再逗下去,这孩子可能真要觉得自己被黑瘴泥沼记住脸了。
他借着抬弓观察右翼的动作,悄悄拨动了一下那条刚刚建立起来的因果线。
年轻游侠主动递来的牛肉干、刚才的换防请求、还有这一路短暂的战斗配合,都让【大隐于市·市隐·契中人】有了落脚点。
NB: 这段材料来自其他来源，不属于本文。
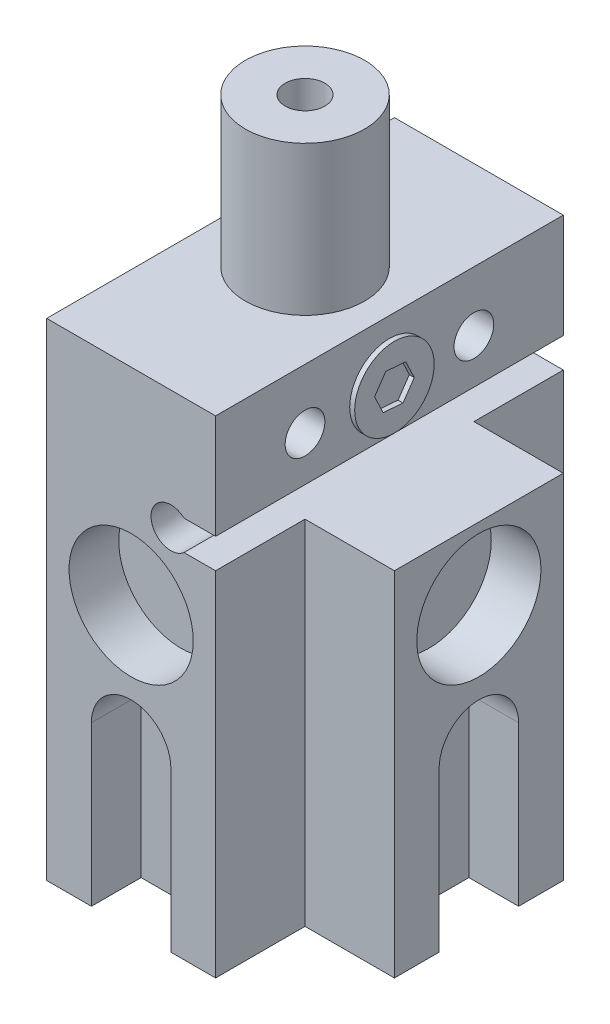
SolidWorks part; units mm, degrees
material "1060 Alloy"
ref_plane "Front Plane" through (0, 0, 0) normal (0, 0, 1) x (1, 0, 0)
ref_plane "Top Plane" through (0, 0, 0) normal (0, 1, 0) x (1, 0, 0)
ref_plane "Right Plane" through (0, 0, 0) normal (1, 0, 0) x (0, 0, -1)
sketch "Sketch1" plane through (0, 0, 0) normal (1, 0, 0) x (0, 0, -1)
  line L1 (0, 0) -> (35, 0)
  line L2 (0, 0) -> (0, 49)
  line L3 (0, 49) -> (35, 49)
  line L4 (35, 0) -> (35, 49)
  dimension "D1" = 35
  dimension "D2" = 49
extrude "Boss-Extrude1" add sketch "Sketch1" along normal blind 17
sketch "Sketch2" plane through (17, 0, 0) normal (1, 0, 0) x (0, 0, -1)
  line L0 (35, 43) -> (26, 43) construction
  line L1 (35, 0) -> (35, 49) construction
  line L2 (26, 43) -> (26, 49) construction
  line L3 (35, 49) -> (0, 49) construction
  line L4 (0, 43) -> (9, 43) construction
  line L5 (0, 49) -> (0, 0) construction
  line L6 (9, 43) -> (9, 49) construction
  circle A0 centre (9, 43) radius 2
  circle A1 centre (26, 43) radius 2
  dimension "D4" = 4
  dimension "D5" = 4
  dimension "D1" = 9
  dimension "D2" = 6
  dimension "D3" = 9
extrude "Cut-Extrude1" cut sketch "Sketch2" against normal blind 37
sketch "Sketch3" plane through (17, 0, 0) normal (1, 0, 0) x (0, 0, -1)
  line L0 (0, 0) -> (35, 0) construction
  line L1 (26, 0) -> (9, 0)
  line L2 (26, 0) -> (26, 35.5)
  line L3 (26, 35.5) -> (9, 35.5)
  line L4 (9, 0) -> (9, 35.5)
  line L5 (35, 0) -> (35, 49) construction
  dimension "D1" = 35.5
  dimension "D2" = 17
  dimension "D3" = 9
extrude "Boss-Extrude2" add sketch "Sketch3" along normal blind 9
sketch "Sketch4" plane through (0, 0, 0) normal (-1, 0, 0) x (0, 0, 1)
  line L0 (0, 0) -> (-35, 0) construction
  line L1 (-9, 0) -> (-26, 0)
  line L2 (-9, 0) -> (-9, 35.5)
  line L3 (-9, 35.5) -> (-26, 35.5)
  line L4 (-26, 0) -> (-26, 35.5)
  line L5 (-35, 0) -> (-35, 49) construction
  dimension "D1" = 17
  dimension "D2" = 9
  dimension "D3" = 35.5
extrude "Boss-Extrude3" add sketch "Sketch4" along normal blind 9
sketch "Sketch5" plane through (0, 0, 0) normal (0, 0, 1) x (1, 0, 0)
  line L0 (17, 49) -> (17, 0) construction
  line L1 (17, 35.5) -> (13.8229, 35.5)
  line L2 (17, 35.5) -> (17, 38.5)
  line L3 (17, 38.5) -> (13.8229, 38.5)
  line L5 (17, 0) -> (0, 0) construction
  arc A0 (13.8229, 38.5) -> (13.8229, 35.5) centre (12.5, 37) ccw
  dimension "D4" = 4
  dimension "D5" = 4.5
  dimension "D2" = 35.5
  dimension "D3" = 3
extrude "Cut-Extrude2" cut sketch "Sketch5" against normal blind 59
sketch "Sketch6" plane through (26, 0, 0) normal (1, 0, 0) x (0, 0, -1)
  line L0 (26, 35.5) -> (9, 35.5) construction
  line L1 (26, 0) -> (26, 35.5) construction
  circle A0 centre (17.5, 28.25) radius 6.25
  dimension "D1" = 12.5
  dimension "D2" = 7.25
  dimension "D3" = 8.5
extrude "Cut-Extrude3" cut sketch "Sketch6" against normal blind 5
sketch "Sketch7" plane through (-9, 0, 0) normal (-1, 0, 0) x (0, 0, 1)
  line L0 (-9, 0) -> (-9, 35.5) construction
  line L1 (-9, 35.5) -> (-26, 35.5) construction
  circle A0 centre (-17.5, 28.25) radius 6.25
  dimension "D1" = 12.5
  dimension "D2" = 8.5
  dimension "D3" = 7.25
extrude "Cut-Extrude4" cut sketch "Sketch7" against normal blind 5
sketch "Sketch8" plane through (0, 0, -35) normal (0, 0, -1) x (-1, 0, 0)
  line L0 (-13.8229, 35.5) -> (-17, 35.5) construction
  line L1 (0, 0) -> (0, 49) construction
  circle A0 centre (-8.5, 28.25) radius 6.25
  point P4 (-15.4114, 35.5)
  dimension "D1" = 12.5
  dimension "D2" = 7.25
  dimension "D3" = 8.5
extrude "Cut-Extrude5" cut sketch "Sketch8" against normal blind 5
sketch "Sketch9" plane through (0, 0, 0) normal (0, 0, 1) x (1, 0, 0)
  line L0 (13.8229, 35.5) -> (17, 35.5) construction
  line L1 (17, 35.5) -> (17, 0) construction
  circle A0 centre (8.5, 28.25) radius 6.25
  dimension "D1" = 12.5
  dimension "D2" = 7.25
  dimension "D3" = 8.5
extrude "Cut-Extrude6" cut sketch "Sketch9" against normal blind 5
sketch "Sketch10" plane through (17, 0, 0) normal (1, 0, 0) x (0, 0, -1)
  line L0 (9, 43) -> (26, 43) construction
  line L2 (18.6366, 44.6532) -> (16.6366, 44.8109)
  line L3 (16.6366, 44.8109) -> (15.5, 43.1577)
  line L4 (15.5, 43.1577) -> (16.3634, 41.3468)
  line L5 (16.3634, 41.3468) -> (18.3634, 41.1891)
  line L6 (18.3634, 41.1891) -> (19.5, 42.8423)
  line L7 (19.5, 42.8423) -> (18.6366, 44.6532)
  circle A1 centre (17.5, 43) radius 4
  circle A2 centre (17.5, 43) radius 1.7374 construction
  dimension "D1" = 8
  dimension "D2" = 4
extrude "Boss-Extrude4" add sketch "Sketch10" along normal blind 0.5
sketch "Sketch11" plane through (26, 0, 0) normal (1, 0, 0) x (0, 0, -1)
  line L0 (9, 0) -> (26, 0) construction
  line L1 (13.5, 0) -> (21.5, 0)
  line L2 (13.5, 0) -> (13.5, 16)
  line L4 (21.5, 0) -> (21.5, 16)
  line L5 (26, 0) -> (26, 35.5) construction
  arc A0 (21.5, 16) -> (13.5, 16) centre (17.5, 16) ccw
  dimension "D1" = 8
  dimension "D2" = 4.5
extrude "Cut-Extrude7" cut sketch "Sketch11" against normal blind 5
sketch "Sketch12" plane through (-9, 0, 0) normal (-1, 0, 0) x (0, 0, 1)
  line L0 (-26, 0) -> (-9, 0) construction
  line L1 (-21.5, 0) -> (-13.5, 0)
  line L2 (-21.5, 0) -> (-21.5, 16)
  line L4 (-13.5, 0) -> (-13.5, 16)
  line L5 (-9, 0) -> (-9, 35.5) construction
  arc A0 (-13.5, 16) -> (-21.5, 16) centre (-17.5, 16) ccw
  dimension "D1" = 4.5
  dimension "D2" = 8
  dimension "D3" = 16
extrude "Cut-Extrude8" cut sketch "Sketch12" against normal blind 5
sketch "Sketch13" plane through (0, 0, -35) normal (0, 0, -1) x (-1, 0, 0)
  line L0 (-17, 0) -> (0, 0) construction
  line L1 (-12.5, 0) -> (-4.5, 0)
  line L2 (-12.5, 0) -> (-12.5, 16)
  line L4 (-4.5, 0) -> (-4.5, 16)
  line L5 (0, 0) -> (0, 49) construction
  arc A0 (-4.5, 16) -> (-12.5, 16) centre (-8.5, 16) ccw
  dimension "D1" = 8
  dimension "D2" = 4.5
  dimension "D3" = 16
extrude "Cut-Extrude9" cut sketch "Sketch13" against normal blind 5
sketch "Sketch14" plane through (0, 0, 0) normal (0, 0, 1) x (1, 0, 0)
  line L0 (17, 0) -> (0, 0) construction
  line L1 (4.5, 0) -> (12.5, 0)
  line L2 (4.5, 0) -> (4.5, 16)
  line L4 (12.5, 0) -> (12.5, 16)
  line L5 (17, 35.5) -> (17, 0) construction
  arc A0 (12.5, 16) -> (4.5, 16) centre (8.5, 16) ccw
  dimension "D1" = 8
  dimension "D2" = 4.5
  dimension "D3" = 16
extrude "Cut-Extrude10" cut sketch "Sketch14" against normal blind 5
sketch "Sketch15" plane through (0, 49, 0) normal (0, 1, 0) x (1, 0, 0)
  line L0 (0, 35) -> (17, 0) construction
  circle A0 centre (8.5, 17.5) radius 6
  dimension "D1" = 12
extrude "Boss-Extrude5" add sketch "Sketch15" along normal blind 15
sketch "Sketch19" plane through (0, 64, 0) normal (0, 1, 0) x (1, 0, 0)
  circle A0 centre (8.5, 17.5) radius 2
  dimension "D1" = 4
extrude "Cut-Extrude11" cut sketch "Sketch19" against normal blind 24

维克多将早已打在这些魔物身上的“雷痕”,顺着这条因果线递了过去。
年轻游侠正准备再射枯枝矛螳。
原本该擦过甲壳边缘的一箭,竟然正好扎进那处薄弱关节。
枯枝矛螳的动作猛地一顿。
老游侠抓住机会补箭,将它钉死在枯木旁边。
年轻游侠愣了一下。
他低头看了看自己的手。
还没等他想明白,旁边的黑水骨尾蛇再次弹起。
这一次,他几乎没有犹豫。
箭矢离弦,正中蛇口下方的软肉。
黑水骨尾蛇摔回泥里,挣扎了两下便不动了。
“好箭!”
哈维忍不住赞了一句。
年轻游侠脸上露出一点惊喜,又有些发懵。
他好像突然变准了。
而且不是普通意义上的准。
有些箭明明出手时偏了一点,却总能落在最该落的位置。
紧接着,一缕清风悄无声息地贴上了他的臂膀。
风很轻。
轻到像是泥沼里偶然掠过的一点气流。
年轻游侠没有察觉。
可他的手臂很快不酸了。
原本拉到七分就开始发抖的弓弦,现在能稳稳拉满。
【风引·无定之途】
攻防之轨,驭风无形。向外,便是绝命的破甲之锥,意料之外的切变和真空甬道将敌人的防御彻底撕碎;向内,是猎手足下青云,腾挪进退、凌空变向,使咫尺险地皆成坦途。流风亦可逆卷成墙,化作横亘身前的不破风壁;人无定处,攻守进退皆可顺势而变。
一只腐爪泥鳄从侧面泥坑里冲出。
它的头骨很厚,背甲上还覆着一层黑泥。
年轻游侠按着本能抬弓。
箭矢离弦时,清风顺着箭身一卷。
箭头前方的空气被短暂撕开,形成一道细细的真空甬道。
原本只能刺入半寸的箭,竟然直接贯穿了腐爪泥鳄的眼窝。
那只二阶魔物连扑击动作都没做完,便重重砸进泥水里。
泥水溅起半人高。
年轻游侠整个人都愣住了。
哈维也回头看了他一眼,眼里带上明显的惊讶。
“漂亮。”
年轻游侠张了张嘴。
他想说自己也不知道怎么回事。
可手感太好。
好到让人舍不得停下来解释。
于是他再次拉弓。
他的箭越来越稳。
脸上的茫然,也一点点变成压不住的兴奋。
维克多站在右翼,面色平静。
他在【风引】的表层,又覆了一层薄薄的【雾隐】。
年轻游侠只觉得自己状态突然好了起来。
哈维也只看见队友临场爆发。
黄金位阶的感知,不足以发现那一缕真正的外来助力。